1. The Stunning Transformation of Ryan Walters
READ: Adolfo Flores and Matt Barnum spoke with former students of Ryan Walters, Oklahoma’s secretary of education who went from being a beloved high school teacher to a public figure who calls teachers unions terrorist organizations and says schools are “Epstein islands” of sexual predators. Walters’s students, who remember debating topics like abortion in the classroom, are shocked by their former teacher’s public rhetoric:
“He was compassionate, reasonable, levelheaded,” said Starla Edge, one of his former students. “The things he says now are just so backward from anything he ever said to us in class.”
Read more in the Wall Street Journal here.
2. From Controversy to Conviction
READ: Hannah Natanson penned a profile of high school English teacher Mary Wood, a South Carolina-based educator who faced backlash after teaching Ta-Nehisi Coates’s Between the World and Me to her predominately white, conservative students. Wood returned to the classroom this year and decided that, instead of appeasing the critics, she would teach the book again:
“It teaches kids a different perspective, [it] teaches kids how to write well,” Wood said in an interview. And “it’s the right thing to do.”
Read more in the Washington Post here.
3. New Study Shows Mixed Progress in Pandemic Recovery
READ: Students have regained about a third of what they lost during the pandemic in math and a quarter in reading. The Educational Opportunity Project at Stanford University found that the U.S. Has made some progress in addressing learning loss, but noted that the results also showed wider gaps between students from rich and poor students:
“We seemed to have lost the urgency in this crisis,” said Karyn Lewis, who has studied pandemic learning declines for NWEA, a research and student assessment group. “It is problematic for the average kid. It is catastrophic for the kids who were hardest hit.”
Read more from Claire Cain Miller, Sarah Mervosh, and Francesca Paris in the New York Times here.

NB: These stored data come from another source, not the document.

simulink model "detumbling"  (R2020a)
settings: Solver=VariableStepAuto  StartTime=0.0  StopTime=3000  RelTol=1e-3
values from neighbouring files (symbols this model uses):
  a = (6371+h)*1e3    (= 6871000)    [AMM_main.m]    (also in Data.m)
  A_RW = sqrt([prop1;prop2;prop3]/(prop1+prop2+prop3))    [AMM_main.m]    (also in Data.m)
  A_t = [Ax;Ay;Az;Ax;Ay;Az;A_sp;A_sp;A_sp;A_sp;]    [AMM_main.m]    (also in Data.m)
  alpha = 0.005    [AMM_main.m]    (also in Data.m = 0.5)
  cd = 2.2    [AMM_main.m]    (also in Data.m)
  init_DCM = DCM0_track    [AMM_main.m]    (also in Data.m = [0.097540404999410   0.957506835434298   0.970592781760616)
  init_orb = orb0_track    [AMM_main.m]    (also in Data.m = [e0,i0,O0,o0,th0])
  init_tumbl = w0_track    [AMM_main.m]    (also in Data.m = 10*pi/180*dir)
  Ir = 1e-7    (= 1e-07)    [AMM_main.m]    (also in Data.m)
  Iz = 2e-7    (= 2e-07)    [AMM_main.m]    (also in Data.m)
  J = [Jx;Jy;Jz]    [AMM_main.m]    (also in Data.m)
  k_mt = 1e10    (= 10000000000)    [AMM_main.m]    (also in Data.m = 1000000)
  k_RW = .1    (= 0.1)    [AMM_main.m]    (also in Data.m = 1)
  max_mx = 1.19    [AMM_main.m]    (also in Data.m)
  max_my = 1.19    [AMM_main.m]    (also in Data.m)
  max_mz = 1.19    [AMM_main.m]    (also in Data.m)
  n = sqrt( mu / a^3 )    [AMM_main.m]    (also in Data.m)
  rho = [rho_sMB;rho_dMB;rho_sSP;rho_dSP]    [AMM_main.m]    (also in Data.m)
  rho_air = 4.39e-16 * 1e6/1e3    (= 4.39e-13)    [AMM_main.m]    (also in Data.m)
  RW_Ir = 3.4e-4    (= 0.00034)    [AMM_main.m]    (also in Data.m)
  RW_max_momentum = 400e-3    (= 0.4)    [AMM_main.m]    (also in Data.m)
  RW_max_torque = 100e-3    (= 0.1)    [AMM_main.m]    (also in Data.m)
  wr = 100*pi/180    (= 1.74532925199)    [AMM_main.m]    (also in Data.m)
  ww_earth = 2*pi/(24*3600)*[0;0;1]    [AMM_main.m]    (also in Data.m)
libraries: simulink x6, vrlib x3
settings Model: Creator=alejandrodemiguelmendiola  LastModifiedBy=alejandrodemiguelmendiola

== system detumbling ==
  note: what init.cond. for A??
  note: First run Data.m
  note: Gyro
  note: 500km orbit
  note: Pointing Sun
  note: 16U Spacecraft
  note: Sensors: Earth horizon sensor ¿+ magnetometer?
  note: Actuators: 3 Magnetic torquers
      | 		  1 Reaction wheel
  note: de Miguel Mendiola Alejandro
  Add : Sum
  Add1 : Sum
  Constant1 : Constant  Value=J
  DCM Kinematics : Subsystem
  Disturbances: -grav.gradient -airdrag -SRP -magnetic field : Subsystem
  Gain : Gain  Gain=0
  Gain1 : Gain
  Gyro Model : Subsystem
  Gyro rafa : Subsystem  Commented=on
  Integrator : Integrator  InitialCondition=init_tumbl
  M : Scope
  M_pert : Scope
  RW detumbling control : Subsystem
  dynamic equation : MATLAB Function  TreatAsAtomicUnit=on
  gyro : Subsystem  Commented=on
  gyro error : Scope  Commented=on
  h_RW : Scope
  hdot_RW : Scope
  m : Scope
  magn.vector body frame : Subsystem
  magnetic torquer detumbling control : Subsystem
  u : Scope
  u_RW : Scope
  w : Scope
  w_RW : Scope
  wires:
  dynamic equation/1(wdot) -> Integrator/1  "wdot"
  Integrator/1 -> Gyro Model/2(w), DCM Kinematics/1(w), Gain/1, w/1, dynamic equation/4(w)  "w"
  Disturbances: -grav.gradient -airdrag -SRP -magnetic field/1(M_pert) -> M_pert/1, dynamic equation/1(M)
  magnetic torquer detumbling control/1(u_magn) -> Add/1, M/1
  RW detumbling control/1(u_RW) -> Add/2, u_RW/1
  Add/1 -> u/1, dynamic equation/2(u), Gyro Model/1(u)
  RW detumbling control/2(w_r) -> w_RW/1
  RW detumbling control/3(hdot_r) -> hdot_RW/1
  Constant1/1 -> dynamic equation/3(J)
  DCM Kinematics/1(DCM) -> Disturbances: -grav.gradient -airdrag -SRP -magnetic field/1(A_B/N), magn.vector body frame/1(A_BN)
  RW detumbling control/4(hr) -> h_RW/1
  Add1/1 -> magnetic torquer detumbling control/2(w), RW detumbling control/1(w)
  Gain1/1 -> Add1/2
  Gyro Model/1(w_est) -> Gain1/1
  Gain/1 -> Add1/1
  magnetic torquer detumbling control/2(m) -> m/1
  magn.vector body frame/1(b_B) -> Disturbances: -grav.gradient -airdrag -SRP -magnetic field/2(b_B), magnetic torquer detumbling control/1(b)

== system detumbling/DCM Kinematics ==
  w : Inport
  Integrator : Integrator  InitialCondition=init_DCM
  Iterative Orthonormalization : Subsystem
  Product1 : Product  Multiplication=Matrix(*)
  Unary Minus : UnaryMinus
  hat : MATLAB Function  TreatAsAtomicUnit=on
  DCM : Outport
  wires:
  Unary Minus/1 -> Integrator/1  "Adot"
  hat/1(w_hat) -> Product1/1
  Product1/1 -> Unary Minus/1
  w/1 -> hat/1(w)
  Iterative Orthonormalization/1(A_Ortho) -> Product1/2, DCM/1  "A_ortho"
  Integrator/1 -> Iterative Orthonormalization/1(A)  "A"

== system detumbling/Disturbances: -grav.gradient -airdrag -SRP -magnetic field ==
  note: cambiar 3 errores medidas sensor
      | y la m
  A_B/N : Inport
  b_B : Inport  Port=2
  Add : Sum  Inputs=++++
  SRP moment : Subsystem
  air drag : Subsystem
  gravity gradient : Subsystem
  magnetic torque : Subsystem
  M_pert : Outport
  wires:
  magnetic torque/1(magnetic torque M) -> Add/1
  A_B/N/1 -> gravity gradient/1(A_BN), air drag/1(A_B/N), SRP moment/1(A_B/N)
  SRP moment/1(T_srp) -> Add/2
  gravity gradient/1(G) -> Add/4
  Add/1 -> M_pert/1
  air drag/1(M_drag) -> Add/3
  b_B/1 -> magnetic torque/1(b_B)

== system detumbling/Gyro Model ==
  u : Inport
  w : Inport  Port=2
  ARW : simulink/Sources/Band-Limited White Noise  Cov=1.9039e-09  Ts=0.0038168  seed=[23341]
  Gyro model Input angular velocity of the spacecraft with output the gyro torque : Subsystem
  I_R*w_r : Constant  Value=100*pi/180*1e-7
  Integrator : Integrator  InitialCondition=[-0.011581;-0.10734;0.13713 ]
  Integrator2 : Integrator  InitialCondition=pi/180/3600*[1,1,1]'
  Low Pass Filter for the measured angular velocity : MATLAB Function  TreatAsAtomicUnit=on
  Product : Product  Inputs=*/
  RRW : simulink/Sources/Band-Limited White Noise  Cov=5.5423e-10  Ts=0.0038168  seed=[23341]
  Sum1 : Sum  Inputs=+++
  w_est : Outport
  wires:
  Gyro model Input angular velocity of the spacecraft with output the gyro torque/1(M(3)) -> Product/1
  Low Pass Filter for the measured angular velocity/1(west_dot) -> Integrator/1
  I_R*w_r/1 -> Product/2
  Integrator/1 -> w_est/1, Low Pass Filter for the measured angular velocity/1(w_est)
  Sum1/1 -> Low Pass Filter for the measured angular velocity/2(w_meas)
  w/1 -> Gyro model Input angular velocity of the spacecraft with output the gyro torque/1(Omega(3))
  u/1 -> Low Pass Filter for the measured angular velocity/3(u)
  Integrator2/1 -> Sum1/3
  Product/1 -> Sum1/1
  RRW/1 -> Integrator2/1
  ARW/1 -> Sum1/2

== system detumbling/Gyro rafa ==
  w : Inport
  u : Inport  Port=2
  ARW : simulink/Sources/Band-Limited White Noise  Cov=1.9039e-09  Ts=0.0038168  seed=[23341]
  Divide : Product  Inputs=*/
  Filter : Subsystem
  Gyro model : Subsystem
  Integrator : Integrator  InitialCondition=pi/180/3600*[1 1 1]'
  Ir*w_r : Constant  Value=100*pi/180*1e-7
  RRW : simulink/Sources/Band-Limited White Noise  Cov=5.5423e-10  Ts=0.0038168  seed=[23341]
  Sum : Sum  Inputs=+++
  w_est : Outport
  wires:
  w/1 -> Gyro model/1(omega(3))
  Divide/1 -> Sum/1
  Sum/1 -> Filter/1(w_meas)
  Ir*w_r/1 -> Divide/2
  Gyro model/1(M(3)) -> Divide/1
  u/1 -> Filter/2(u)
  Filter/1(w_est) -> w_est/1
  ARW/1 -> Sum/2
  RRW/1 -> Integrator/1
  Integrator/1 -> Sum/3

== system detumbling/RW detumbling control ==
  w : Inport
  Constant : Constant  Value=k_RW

4. How To Save Academic Freedom
READ: Lost Debate guest and Harvard Law professor Jeannie Suk Gersen took to the pages of The New Yorker to reflect on the resignation of Claudine Gay, the rise of self-censorship around students, and the impact of government and public opinion on academic freedom, free speech, and inclusion on college campuses. Gersen urged her colleagues to think carefully about what it would take to embrace a culture of true freedom on college campuses:
The post-Gay crisis has created a crossroads, where universities will be tempted to discipline objectionable speech in order to demonstrate that they are dedicated to rooting out antisemitism and Islamophobia, too. Unless we conscientiously and mindfully pull away from that path, academic freedom—which is essential to fulfilling a university’s purpose—will meet its destruction.
Read more here.
5. Small Town, Big Loss
READ: Jon Marcus at The Washington Post traveled to St. Martin, Ohio, to better understand the impact a college closure can have on a rural community. St. Martin’s Chatfield College closed in 2022 after 177 years in existence and only 129 enrolled students in its last semester, citing declining enrollment trends and unsustainable fiscal losses. Closing rural colleges increases the barrier to higher education for local students, who are already 6% less likely to go directly to college than their suburban counterparts:
A big reason for this is a lack of confidence, [Chatfield College Associate Dean David] Hesson said. “They don’t think they can do it. It’s unknown.” And without a college close by, “you lose accessibility.”
Read more here.
6. The Classroom to Career Pipeline
LISTEN: Diane Tavenner and Michael B. Horn sat down with Ryan Craig, author of Apprentice Nation, for an episode of The 74’s Class Disrupted podcast, where they talked about Ryan’s latest book and why the earn-and-learn alternative to traditional higher education might be the education of the future. I also spoke with Ryan last month on our Sweat the Technique podcast to discuss where the U.S. has gone wrong in preparing our young people to enter the workforce and how we can do better.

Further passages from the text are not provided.